Begin at the line containing "#229=ORIENTED_EDGE('',*,*,#228,.F.);" and end at the final line of the entries. Please reproduce those lines exactly.

Records drawn from a dataset:
-.-.-
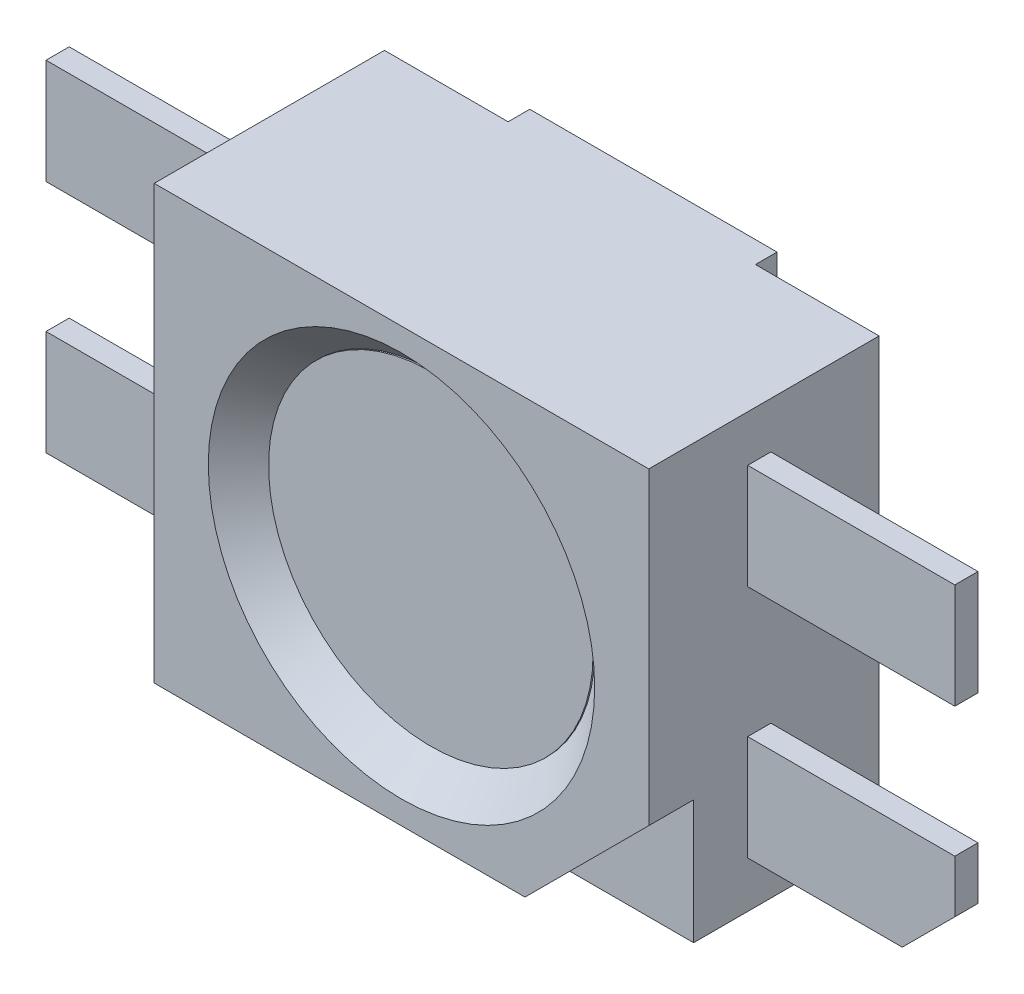
ISO-10303-21;
HEADER;
FILE_DESCRIPTION(('STEP AP214'),'2;1');
FILE_NAME('part.step','',(''),(''),'','','');
FILE_SCHEMA(('AUTOMOTIVE_DESIGN { 1 0 10303 214 1 1 1 1 }'));
ENDSEC;
DATA;
#1=APPLICATION_CONTEXT('core data for automotive mechanical design processes');
#2=APPLICATION_PROTOCOL_DEFINITION('international standard','automotive_design',2000,#1);
#3=PRODUCT_CONTEXT('',#1,'mechanical');
#4=PRODUCT('Part','Part','',(#3));
#5=PRODUCT_RELATED_PRODUCT_CATEGORY('part','',(#4));
#6=PRODUCT_DEFINITION_FORMATION('','',#4);
#7=PRODUCT_DEFINITION_CONTEXT('part definition',#1,'design');
#8=PRODUCT_DEFINITION('design','',#6,#7);
#9=PRODUCT_DEFINITION_SHAPE('','',#8);
#10=(LENGTH_UNIT() NAMED_UNIT(*) SI_UNIT(.MILLI.,.METRE.));
#11=(NAMED_UNIT(*) PLANE_ANGLE_UNIT() SI_UNIT($,.RADIAN.));
#12=(NAMED_UNIT(*) SI_UNIT($,.STERADIAN.) SOLID_ANGLE_UNIT());
#13=UNCERTAINTY_MEASURE_WITH_UNIT(LENGTH_MEASURE(1.E-05),#10,'distance_accuracy_value','');
#14=(GEOMETRIC_REPRESENTATION_CONTEXT(3) GLOBAL_UNCERTAINTY_ASSIGNED_CONTEXT((#13)) GLOBAL_UNIT_ASSIGNED_CONTEXT((#10,
#11,#12)) REPRESENTATION_CONTEXT('',''));
#15=CARTESIAN_POINT('',(0.,0.,0.));
#16=DIRECTION('',(0.,0.,1.));
#17=DIRECTION('',(1.,0.,0.));
#18=AXIS2_PLACEMENT_3D('',#15,#16,#17);
#19=CARTESIAN_POINT('',(-2.27,0.76,0.));
#20=DIRECTION('',(0.,0.,1.));
#21=DIRECTION('',(1.,0.,0.));
#22=AXIS2_PLACEMENT_3D('',#19,#20,#21);
#23=PLANE('',#22);
#24=DIRECTION('',(1.,0.,0.));
#25=VECTOR('',#24,1.);
#26=CARTESIAN_POINT('',(-2.94,0.42,0.));
#27=LINE('',#26,#25);
#28=CARTESIAN_POINT('',(-2.94,0.42,0.));
#29=VERTEX_POINT('',#28);
#30=CARTESIAN_POINT('',(-1.6,0.42,0.));
#31=VERTEX_POINT('',#30);
#32=EDGE_CURVE('P0_E79',#29,#31,#27,.T.);
#33=ORIENTED_EDGE('',*,*,#32,.F.);
#34=DIRECTION('',(0.,1.,0.));
#35=VECTOR('',#34,1.);
#36=CARTESIAN_POINT('',(-2.94,1.1,0.));
#37=LINE('',#36,#35);
#38=CARTESIAN_POINT('',(-2.94,1.1,0.));
#39=VERTEX_POINT('',#38);
#40=EDGE_CURVE('P0_E55',#39,#29,#37,.F.);
#41=ORIENTED_EDGE('',*,*,#40,.F.);
#42=DIRECTION('',(1.,0.,0.));
#43=VECTOR('',#42,1.);
#44=CARTESIAN_POINT('',(-1.6,1.1,0.));
#45=LINE('',#44,#43);
#46=CARTESIAN_POINT('',(-1.6,1.1,0.));
#47=VERTEX_POINT('',#46);
#48=EDGE_CURVE('P0_E57',#47,#39,#45,.F.);
#49=ORIENTED_EDGE('',*,*,#48,.F.);
#50=DIRECTION('',(0.,1.,0.));
#51=VECTOR('',#50,1.);
#52=CARTESIAN_POINT('',(-1.6,0.42,0.));
#53=LINE('',#52,#51);
#54=EDGE_CURVE('P0_E20',#31,#47,#53,.T.);
#55=ORIENTED_EDGE('',*,*,#54,.F.);
#56=EDGE_LOOP('',(#33,#41,#49,#55));
#57=FACE_BOUND('',#56,.T.);
#58=ADVANCED_FACE('P0_F17',(#57),#23,.F.);
#59=CARTESIAN_POINT('',(-1.6,0.42,0.));
#60=DIRECTION('',(1.,0.,0.));
#61=DIRECTION('',(0.,0.,-1.));
#62=AXIS2_PLACEMENT_3D('',#59,#60,#61);
#63=PLANE('',#62);
#64=DIRECTION('',(0.,1.,0.));
#65=VECTOR('',#64,1.);
#66=CARTESIAN_POINT('',(-1.6,0.76,0.15));
#67=LINE('',#66,#65);
#68=CARTESIAN_POINT('',(-1.6,0.42,0.15));
#69=VERTEX_POINT('',#68);
#70=CARTESIAN_POINT('',(-1.6,1.1,0.15));
#71=VERTEX_POINT('',#70);
#72=EDGE_CURVE('P0_E83',#69,#71,#67,.T.);
#73=ORIENTED_EDGE('',*,*,#72,.F.);
#74=DIRECTION('',(0.,0.,-1.));
#75=VECTOR('',#74,1.);
#76=CARTESIAN_POINT('',(-1.6,0.42,0.));
#77=LINE('',#76,#75);
#78=EDGE_CURVE('P0_E68',#31,#69,#77,.F.);
#79=ORIENTED_EDGE('',*,*,#78,.F.);
#80=ORIENTED_EDGE('',*,*,#54,.T.);
#81=DIRECTION('',(0.,0.,1.));
#82=VECTOR('',#81,1.);
#83=CARTESIAN_POINT('',(-1.6,1.1,0.));
#84=LINE('',#83,#82);
#85=EDGE_CURVE('P0_E63',#71,#47,#84,.F.);
#86=ORIENTED_EDGE('',*,*,#85,.F.);
#87=EDGE_LOOP('',(#73,#79,#80,#86));
#88=FACE_BOUND('',#87,.T.);
#89=ADVANCED_FACE('P0_F65',(#88),#63,.T.);
#90=CARTESIAN_POINT('',(-1.6,1.1,0.));
#91=DIRECTION('',(0.,1.,0.));
#92=DIRECTION('',(0.,0.,1.));
#93=AXIS2_PLACEMENT_3D('',#90,#91,#92);
#94=PLANE('',#93);
#95=DIRECTION('',(1.,0.,0.));
#96=VECTOR('',#95,1.);
#97=CARTESIAN_POINT('',(-2.27,1.1,0.15));
#98=LINE('',#97,#96);
#99=CARTESIAN_POINT('',(-2.94,1.1,0.15));
#100=VERTEX_POINT('',#99);
#101=EDGE_CURVE('P0_E72',#71,#100,#98,.F.);
#102=ORIENTED_EDGE('',*,*,#101,.F.);
#103=ORIENTED_EDGE('',*,*,#85,.T.);
#104=ORIENTED_EDGE('',*,*,#48,.T.);
#105=DIRECTION('',(0.,0.,1.));
#106=VECTOR('',#105,1.);
#107=CARTESIAN_POINT('',(-2.94,1.1,0.));
#108=LINE('',#107,#106);
#109=EDGE_CURVE('P0_E75',#100,#39,#108,.F.);
#110=ORIENTED_EDGE('',*,*,#109,.F.);
#111=EDGE_LOOP('',(#102,#103,#104,#110));
#112=FACE_BOUND('',#111,.T.);
#113=ADVANCED_FACE('P0_F70',(#112),#94,.T.);
#114=CARTESIAN_POINT('',(-2.94,1.1,0.));
#115=DIRECTION('',(-1.,0.,0.));
#116=DIRECTION('',(0.,0.,1.));
#117=AXIS2_PLACEMENT_3D('',#114,#115,#116);
#118=PLANE('',#117);
#119=DIRECTION('',(0.,1.,0.));
#120=VECTOR('',#119,1.);
#121=CARTESIAN_POINT('',(-2.94,0.76,0.15));
#122=LINE('',#121,#120);
#123=CARTESIAN_POINT('',(-2.94,0.42,0.15));
#124=VERTEX_POINT('',#123);
#125=EDGE_CURVE('P0_E26',#100,#124,#122,.F.);
#126=ORIENTED_EDGE('',*,*,#125,.F.);
#127=ORIENTED_EDGE('',*,*,#109,.T.);
#128=ORIENTED_EDGE('',*,*,#40,.T.);
#129=DIRECTION('',(0.,0.,-1.));
#130=VECTOR('',#129,1.);
#131=CARTESIAN_POINT('',(-2.94,0.42,0.));
#132=LINE('',#131,#130);
#133=EDGE_CURVE('P0_E35',#124,#29,#132,.T.);
#134=ORIENTED_EDGE('',*,*,#133,.F.);
#135=EDGE_LOOP('',(#126,#127,#128,#134));
#136=FACE_BOUND('',#135,.T.);
#137=ADVANCED_FACE('P0_F89',(#136),#118,.T.);
#138=CARTESIAN_POINT('',(-2.94,0.42,0.));
#139=DIRECTION('',(0.,-1.,0.));
#140=DIRECTION('',(0.,0.,-1.));
#141=AXIS2_PLACEMENT_3D('',#138,#139,#140);
#142=PLANE('',#141);
#143=DIRECTION('',(1.,0.,0.));
#144=VECTOR('',#143,1.);
#145=CARTESIAN_POINT('',(-2.27,0.42,0.15));
#146=LINE('',#145,#144);
#147=EDGE_CURVE('P0_E11',#124,#69,#146,.T.);
#148=ORIENTED_EDGE('',*,*,#147,.F.);
#149=ORIENTED_EDGE('',*,*,#133,.T.);
#150=ORIENTED_EDGE('',*,*,#32,.T.);
#151=ORIENTED_EDGE('',*,*,#78,.T.);
#152=EDGE_LOOP('',(#148,#149,#150,#151));
#153=FACE_BOUND('',#152,.T.);
#154=ADVANCED_FACE('P0_F91',(#153),#142,.T.);
#155=CARTESIAN_POINT('',(-2.27,0.76,0.15));
#156=DIRECTION('',(0.,0.,1.));
#157=DIRECTION('',(1.,0.,0.));
#158=AXIS2_PLACEMENT_3D('',#155,#156,#157);
#159=PLANE('',#158);
#160=ORIENTED_EDGE('',*,*,#125,.T.);
#161=ORIENTED_EDGE('',*,*,#147,.T.);
#162=ORIENTED_EDGE('',*,*,#72,.T.);
#163=ORIENTED_EDGE('',*,*,#101,.T.);
#164=EDGE_LOOP('',(#160,#161,#162,#163));
#165=FACE_BOUND('',#164,.T.);
#166=ADVANCED_FACE('P0_F88',(#165),#159,.T.);
#167=CLOSED_SHELL('',(#58,#89,#113,#137,#154,#166));
#168=MANIFOLD_SOLID_BREP('P0_B1',#167);
#169=CARTESIAN_POINT('',(-2.27,-0.76,0.));
#170=DIRECTION('',(0.,0.,1.));
#171=DIRECTION('',(1.,0.,0.));
#172=AXIS2_PLACEMENT_3D('',#169,#170,#171);
#173=PLANE('',#172);
#174=DIRECTION('',(1.,0.,0.));
#175=VECTOR('',#174,1.);
#176=CARTESIAN_POINT('',(-2.94,-1.1,0.));
#177=LINE('',#176,#175);
#178=CARTESIAN_POINT('',(-2.94,-1.1,0.));
#179=VERTEX_POINT('',#178);
#180=CARTESIAN_POINT('',(-1.6,-1.1,0.));
#181=VERTEX_POINT('',#180);
#182=EDGE_CURVE('P1_E79',#179,#181,#177,.T.);
#183=ORIENTED_EDGE('',*,*,#182,.F.);
#184=DIRECTION('',(0.,1.,0.));
#185=VECTOR('',#184,1.);
#186=CARTESIAN_POINT('',(-2.94,-0.42,0.));
#187=LINE('',#186,#185);
#188=CARTESIAN_POINT('',(-2.94,-0.42,0.));
#189=VERTEX_POINT('',#188);
#190=EDGE_CURVE('P1_E55',#189,#179,#187,.F.);
#191=ORIENTED_EDGE('',*,*,#190,.F.);
#192=DIRECTION('',(1.,0.,0.));
#193=VECTOR('',#192,1.);
#194=CARTESIAN_POINT('',(-1.6,-0.42,0.));
#195=LINE('',#194,#193);
#196=CARTESIAN_POINT('',(-1.6,-0.42,0.));
#197=VERTEX_POINT('',#196);
#198=EDGE_CURVE('P1_E57',#197,#189,#195,.F.);
#199=ORIENTED_EDGE('',*,*,#198,.F.);
#200=DIRECTION('',(0.,1.,0.));
#201=VECTOR('',#200,1.);
#202=CARTESIAN_POINT('',(-1.6,-1.1,0.));
#203=LINE('',#202,#201);
#204=EDGE_CURVE('P1_E20',#181,#197,#203,.T.);
#205=ORIENTED_EDGE('',*,*,#204,.F.);
#206=EDGE_LOOP('',(#183,#191,#199,#205));
#207=FACE_BOUND('',#206,.T.);
#208=ADVANCED_FACE('P1_F17',(#207),#173,.F.);
#209=CARTESIAN_POINT('',(-1.6,-1.1,0.));
#210=DIRECTION('',(1.,0.,0.));
#211=DIRECTION('',(0.,0.,-1.));
#212=AXIS2_PLACEMENT_3D('',#209,#210,#211);
#213=PLANE('',#212);
#214=DIRECTION('',(0.,1.,0.));
#215=VECTOR('',#214,1.);
#216=CARTESIAN_POINT('',(-1.6,-0.76,0.15));
#217=LINE('',#216,#215);
#218=CARTESIAN_POINT('',(-1.6,-1.1,0.15));
#219=VERTEX_POINT('',#218);
#220=CARTESIAN_POINT('',(-1.6,-0.42,0.15));
#221=VERTEX_POINT('',#220);
#222=EDGE_CURVE('P1_E83',#219,#221,#217,.T.);
#223=ORIENTED_EDGE('',*,*,#222,.F.);
#224=DIRECTION('',(0.,0.,-1.));
#225=VECTOR('',#224,1.);
#226=CARTESIAN_POINT('',(-1.6,-1.1,0.));
#227=LINE('',#226,#225);
#228=EDGE_CURVE('P1_E68',#181,#219,#227,.F.);
#229=ORIENTED_EDGE('',*,*,#228,.F.);
#230=ORIENTED_EDGE('',*,*,#204,.T.);
#231=DIRECTION('',(0.,0.,1.));
#232=VECTOR('',#231,1.);
#233=CARTESIAN_POINT('',(-1.6,-0.42,0.));
#234=LINE('',#233,#232);
#235=EDGE_CURVE('P1_E63',#221,#197,#234,.F.);
#236=ORIENTED_EDGE('',*,*,#235,.F.);
#237=EDGE_LOOP('',(#223,#229,#230,#236));
#238=FACE_BOUND('',#237,.T.);
#239=ADVANCED_FACE('P1_F65',(#238),#213,.T.);
#240=CARTESIAN_POINT('',(-1.6,-0.42,0.));
#241=DIRECTION('',(0.,1.,0.));
#242=DIRECTION('',(0.,0.,1.));
#243=AXIS2_PLACEMENT_3D('',#240,#241,#242);
#244=PLANE('',#243);
#245=DIRECTION('',(1.,0.,0.));
#246=VECTOR('',#245,1.);
#247=CARTESIAN_POINT('',(-2.27,-0.42,0.15));
#248=LINE('',#247,#246);
#249=CARTESIAN_POINT('',(-2.94,-0.42,0.15));
#250=VERTEX_POINT('',#249);
#251=EDGE_CURVE('P1_E72',#221,#250,#248,.F.);
#252=ORIENTED_EDGE('',*,*,#251,.F.);
#253=ORIENTED_EDGE('',*,*,#235,.T.);
#254=ORIENTED_EDGE('',*,*,#198,.T.);
#255=DIRECTION('',(0.,0.,1.));
#256=VECTOR('',#255,1.);
#257=CARTESIAN_POINT('',(-2.94,-0.42,0.));
#258=LINE('',#257,#256);
#259=EDGE_CURVE('P1_E75',#250,#189,#258,.F.);
#260=ORIENTED_EDGE('',*,*,#259,.F.);
#261=EDGE_LOOP('',(#252,#253,#254,#260));
#262=FACE_BOUND('',#261,.T.);
#263=ADVANCED_FACE('P1_F70',(#262),#244,.T.);
#264=CARTESIAN_POINT('',(-2.94,-0.42,0.));
#265=DIRECTION('',(-1.,0.,0.));
#266=DIRECTION('',(0.,0.,1.));
#267=AXIS2_PLACEMENT_3D('',#264,#265,#266);
#268=PLANE('',#267);
#269=DIRECTION('',(0.,1.,0.));
#270=VECTOR('',#269,1.);
#271=CARTESIAN_POINT('',(-2.94,-0.76,0.15));
#272=LINE('',#271,#270);
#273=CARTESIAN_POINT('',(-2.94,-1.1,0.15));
-.-.-
RESULT FOR THIS TASK >>
#229=ORIENTED_EDGE('',*,*,#228,.F.);
#230=ORIENTED_EDGE('',*,*,#204,.T.);
#231=DIRECTION('',(0.,0.,1.));
#232=VECTOR('',#231,1.);
#233=CARTESIAN_POINT('',(-1.6,-0.42,0.));
#234=LINE('',#233,#232);
#235=EDGE_CURVE('P1_E63',#221,#197,#234,.F.);
#236=ORIENTED_EDGE('',*,*,#235,.F.);
#237=EDGE_LOOP('',(#223,#229,#230,#236));
#238=FACE_BOUND('',#237,.T.);
#239=ADVANCED_FACE('P1_F65',(#238),#213,.T.);
#240=CARTESIAN_POINT('',(-1.6,-0.42,0.));
#241=DIRECTION('',(0.,1.,0.));
#242=DIRECTION('',(0.,0.,1.));
#243=AXIS2_PLACEMENT_3D('',#240,#241,#242);
#244=PLANE('',#243);
#245=DIRECTION('',(1.,0.,0.));
#246=VECTOR('',#245,1.);
#247=CARTESIAN_POINT('',(-2.27,-0.42,0.15));
#248=LINE('',#247,#246);
#249=CARTESIAN_POINT('',(-2.94,-0.42,0.15));
#250=VERTEX_POINT('',#249);
#251=EDGE_CURVE('P1_E72',#221,#250,#248,.F.);
#252=ORIENTED_EDGE('',*,*,#251,.F.);
#253=ORIENTED_EDGE('',*,*,#235,.T.);
#254=ORIENTED_EDGE('',*,*,#198,.T.);
#255=DIRECTION('',(0.,0.,1.));
#256=VECTOR('',#255,1.);
#257=CARTESIAN_POINT('',(-2.94,-0.42,0.));
#258=LINE('',#257,#256);
#259=EDGE_CURVE('P1_E75',#250,#189,#258,.F.);
#260=ORIENTED_EDGE('',*,*,#259,.F.);
#261=EDGE_LOOP('',(#252,#253,#254,#260));
#262=FACE_BOUND('',#261,.T.);
#263=ADVANCED_FACE('P1_F70',(#262),#244,.T.);
#264=CARTESIAN_POINT('',(-2.94,-0.42,0.));
#265=DIRECTION('',(-1.,0.,0.));
#266=DIRECTION('',(0.,0.,1.));
#267=AXIS2_PLACEMENT_3D('',#264,#265,#266);
#268=PLANE('',#267);
#269=DIRECTION('',(0.,1.,0.));
#270=VECTOR('',#269,1.);
#271=CARTESIAN_POINT('',(-2.94,-0.76,0.15));
#272=LINE('',#271,#270);
#273=CARTESIAN_POINT('',(-2.94,-1.1,0.15));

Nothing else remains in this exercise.